One of the newest YouTube tutorials is done by Jenny Doan and Vanessa of V and Co. Vanessa loves the new look of pleats, or in the fashion world, they are called shutters. So many dresses today are made of fabrics with the "shutter" overlay on the skirts and bodices, they are very slimming and quite popular. I have a dress made this way, and I love it.
Vanessa showed a tutorial about a month ago of a reverse applique pillow which she created by overlaying folded strips of cloth and sewing them to an underlayment, then appliquing a heart shape over the pleats to made a darling heart pillow. If this doesn't make sense, you will have to look for her tutorial, because it is very hard to explain.
For this tutorial, she just did the pleats without the applique to make a very chic pillow. Choice of fabric can make it look sleek and modern (Vanessa did hers in shades of light to dark grey to black--a very contemporary look), and on the Moda Bake Shop website, they show the same type of pillow using prints. The choice of fabic makes the style of the pillow change dramatically.
You know me, I like color, so I had to try this newest tutorial myself. I had pretty many jelly roll strips (2-1/2" wide) left from several of my recent projects. I started out with the Dogwood Trail jelly roll strips, since they were on top of the scrap heap. Then I dug further and made two more pillows! I guess this is why I named this post PILLOW-PALLOOZA! Because now I have three new and very pretty pillows for my home.
This one is using Patternista--I posted my Patternista star quilt top a week or so ago, so when that is finished, this will go on the bed with that quilt.
This one is Dogwood Trails, the quilt I just finished last weekend. Looks oh so pretty on the bed with the other things from the same line.
I happened to find a small collection of precut fabrics at our Tuesday Morning stores here in St. Louis. I hit several different locations, and each had a small amount of the same coordinates. I happened to luck out and get a jelly roll, a charm pack, a fat quarter bundle and 2 packages of 1 yard pieces of different prints in this set of coordinates.

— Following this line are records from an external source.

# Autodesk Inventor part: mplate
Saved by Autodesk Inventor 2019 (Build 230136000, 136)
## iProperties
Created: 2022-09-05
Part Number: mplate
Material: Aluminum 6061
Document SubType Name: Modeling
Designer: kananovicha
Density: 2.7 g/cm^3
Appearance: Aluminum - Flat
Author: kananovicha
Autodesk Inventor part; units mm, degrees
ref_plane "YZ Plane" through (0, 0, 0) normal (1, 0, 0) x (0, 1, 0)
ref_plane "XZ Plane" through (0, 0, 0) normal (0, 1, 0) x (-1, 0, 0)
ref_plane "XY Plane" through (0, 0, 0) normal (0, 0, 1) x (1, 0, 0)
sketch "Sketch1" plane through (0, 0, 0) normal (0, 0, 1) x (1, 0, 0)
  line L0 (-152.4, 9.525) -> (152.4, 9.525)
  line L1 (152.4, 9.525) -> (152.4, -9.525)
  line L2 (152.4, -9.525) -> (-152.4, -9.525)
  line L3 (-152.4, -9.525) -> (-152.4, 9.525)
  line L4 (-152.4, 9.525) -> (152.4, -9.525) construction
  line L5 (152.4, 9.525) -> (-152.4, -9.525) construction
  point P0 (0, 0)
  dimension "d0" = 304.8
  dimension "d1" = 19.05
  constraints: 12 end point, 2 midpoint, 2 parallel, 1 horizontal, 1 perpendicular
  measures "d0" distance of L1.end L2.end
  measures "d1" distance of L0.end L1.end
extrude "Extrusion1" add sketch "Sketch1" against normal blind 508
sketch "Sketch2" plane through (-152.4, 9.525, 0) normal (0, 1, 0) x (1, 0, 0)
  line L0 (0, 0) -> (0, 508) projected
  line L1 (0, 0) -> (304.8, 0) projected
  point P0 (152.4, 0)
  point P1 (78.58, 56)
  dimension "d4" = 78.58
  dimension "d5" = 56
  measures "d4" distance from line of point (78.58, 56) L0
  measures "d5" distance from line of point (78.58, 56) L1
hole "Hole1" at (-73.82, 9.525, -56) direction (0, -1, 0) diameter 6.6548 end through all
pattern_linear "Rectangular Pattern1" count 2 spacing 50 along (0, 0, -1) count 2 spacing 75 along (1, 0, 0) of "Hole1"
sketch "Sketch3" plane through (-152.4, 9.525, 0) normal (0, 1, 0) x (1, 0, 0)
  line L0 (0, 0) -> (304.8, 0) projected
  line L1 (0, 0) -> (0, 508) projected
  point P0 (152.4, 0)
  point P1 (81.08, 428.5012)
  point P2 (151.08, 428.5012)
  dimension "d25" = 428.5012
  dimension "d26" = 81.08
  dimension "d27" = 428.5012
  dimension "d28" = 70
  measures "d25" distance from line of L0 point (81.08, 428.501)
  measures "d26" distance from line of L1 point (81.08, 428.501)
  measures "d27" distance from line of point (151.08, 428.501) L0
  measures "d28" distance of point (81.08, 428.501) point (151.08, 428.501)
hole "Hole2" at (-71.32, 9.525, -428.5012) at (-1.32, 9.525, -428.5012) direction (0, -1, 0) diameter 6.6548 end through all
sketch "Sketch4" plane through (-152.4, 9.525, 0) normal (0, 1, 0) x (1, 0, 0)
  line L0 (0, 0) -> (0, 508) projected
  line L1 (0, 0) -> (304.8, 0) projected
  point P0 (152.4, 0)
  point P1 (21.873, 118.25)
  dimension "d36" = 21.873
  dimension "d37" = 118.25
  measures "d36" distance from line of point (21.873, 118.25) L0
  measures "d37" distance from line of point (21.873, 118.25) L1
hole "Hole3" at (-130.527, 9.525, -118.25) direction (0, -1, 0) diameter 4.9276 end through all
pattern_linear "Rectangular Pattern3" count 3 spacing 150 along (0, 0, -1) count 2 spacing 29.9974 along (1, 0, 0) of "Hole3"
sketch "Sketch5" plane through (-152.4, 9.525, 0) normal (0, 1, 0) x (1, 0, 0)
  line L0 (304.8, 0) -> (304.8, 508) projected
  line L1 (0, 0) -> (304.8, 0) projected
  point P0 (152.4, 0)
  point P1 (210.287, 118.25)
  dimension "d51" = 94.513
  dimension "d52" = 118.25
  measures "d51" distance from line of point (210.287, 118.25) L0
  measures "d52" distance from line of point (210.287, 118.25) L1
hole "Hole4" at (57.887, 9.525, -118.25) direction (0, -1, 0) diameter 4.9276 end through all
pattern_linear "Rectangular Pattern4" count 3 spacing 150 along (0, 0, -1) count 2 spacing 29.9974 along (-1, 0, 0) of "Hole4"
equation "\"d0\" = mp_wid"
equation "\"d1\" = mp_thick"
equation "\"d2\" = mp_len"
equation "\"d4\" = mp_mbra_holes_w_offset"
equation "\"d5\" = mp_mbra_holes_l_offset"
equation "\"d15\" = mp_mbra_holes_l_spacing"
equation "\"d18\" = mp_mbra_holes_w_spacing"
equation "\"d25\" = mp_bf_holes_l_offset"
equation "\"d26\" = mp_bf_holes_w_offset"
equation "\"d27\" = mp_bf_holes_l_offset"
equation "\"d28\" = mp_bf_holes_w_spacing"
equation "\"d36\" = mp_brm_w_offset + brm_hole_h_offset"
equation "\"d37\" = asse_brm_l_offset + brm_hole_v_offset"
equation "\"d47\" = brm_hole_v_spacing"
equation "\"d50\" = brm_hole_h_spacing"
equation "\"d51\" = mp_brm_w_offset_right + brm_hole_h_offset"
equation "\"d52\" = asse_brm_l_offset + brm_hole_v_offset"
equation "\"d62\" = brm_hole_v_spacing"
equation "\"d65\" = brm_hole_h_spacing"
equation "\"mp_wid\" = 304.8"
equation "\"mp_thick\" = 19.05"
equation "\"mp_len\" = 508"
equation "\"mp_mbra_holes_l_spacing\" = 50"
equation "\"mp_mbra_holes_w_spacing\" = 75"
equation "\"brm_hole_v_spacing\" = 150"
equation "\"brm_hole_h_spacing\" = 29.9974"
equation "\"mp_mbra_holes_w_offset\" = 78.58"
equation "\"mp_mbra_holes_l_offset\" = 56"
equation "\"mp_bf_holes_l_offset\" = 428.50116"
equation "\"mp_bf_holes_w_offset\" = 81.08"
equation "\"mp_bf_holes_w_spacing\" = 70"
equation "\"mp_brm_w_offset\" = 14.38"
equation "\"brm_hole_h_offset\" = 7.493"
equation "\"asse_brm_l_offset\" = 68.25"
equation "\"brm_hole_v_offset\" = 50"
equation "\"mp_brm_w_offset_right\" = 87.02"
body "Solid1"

They were very inexpensive. I'm being forewarned by forum members that some of these cheap precuts (from Wal-Mart, I think) aren't worth the powder to blow them up with, so I'm not going to spend hundreds of hours making a quilt from this fabric, with the knowledge that it might not be something that will hold up to long and hard wear. So far, I have an hour invested in the combination, because that is how long it took me to make the pillow. I think I'll do an easy large block quilt to go with this. In the meantime, I really do love this coordinate, it reminds me of Easter Egg colors--very springy.
Hope you get a chance to try to make one of these pillows. They are fun and fast and handsome, I think. I just stuffed the first one as the tutorial suggested, but put a zipper in the next two, so I can take out the inner pillow to wash the cover. Hope this will work out, and you might try doing it this way if you make one and think it will get a lot of loving, and need to be washed. I used the trimmings of poly batting from some of my quilts, now I am very glad I didn't throw this away, because I filled three pillows for free! Whooppee! Let's go have a pillow fight!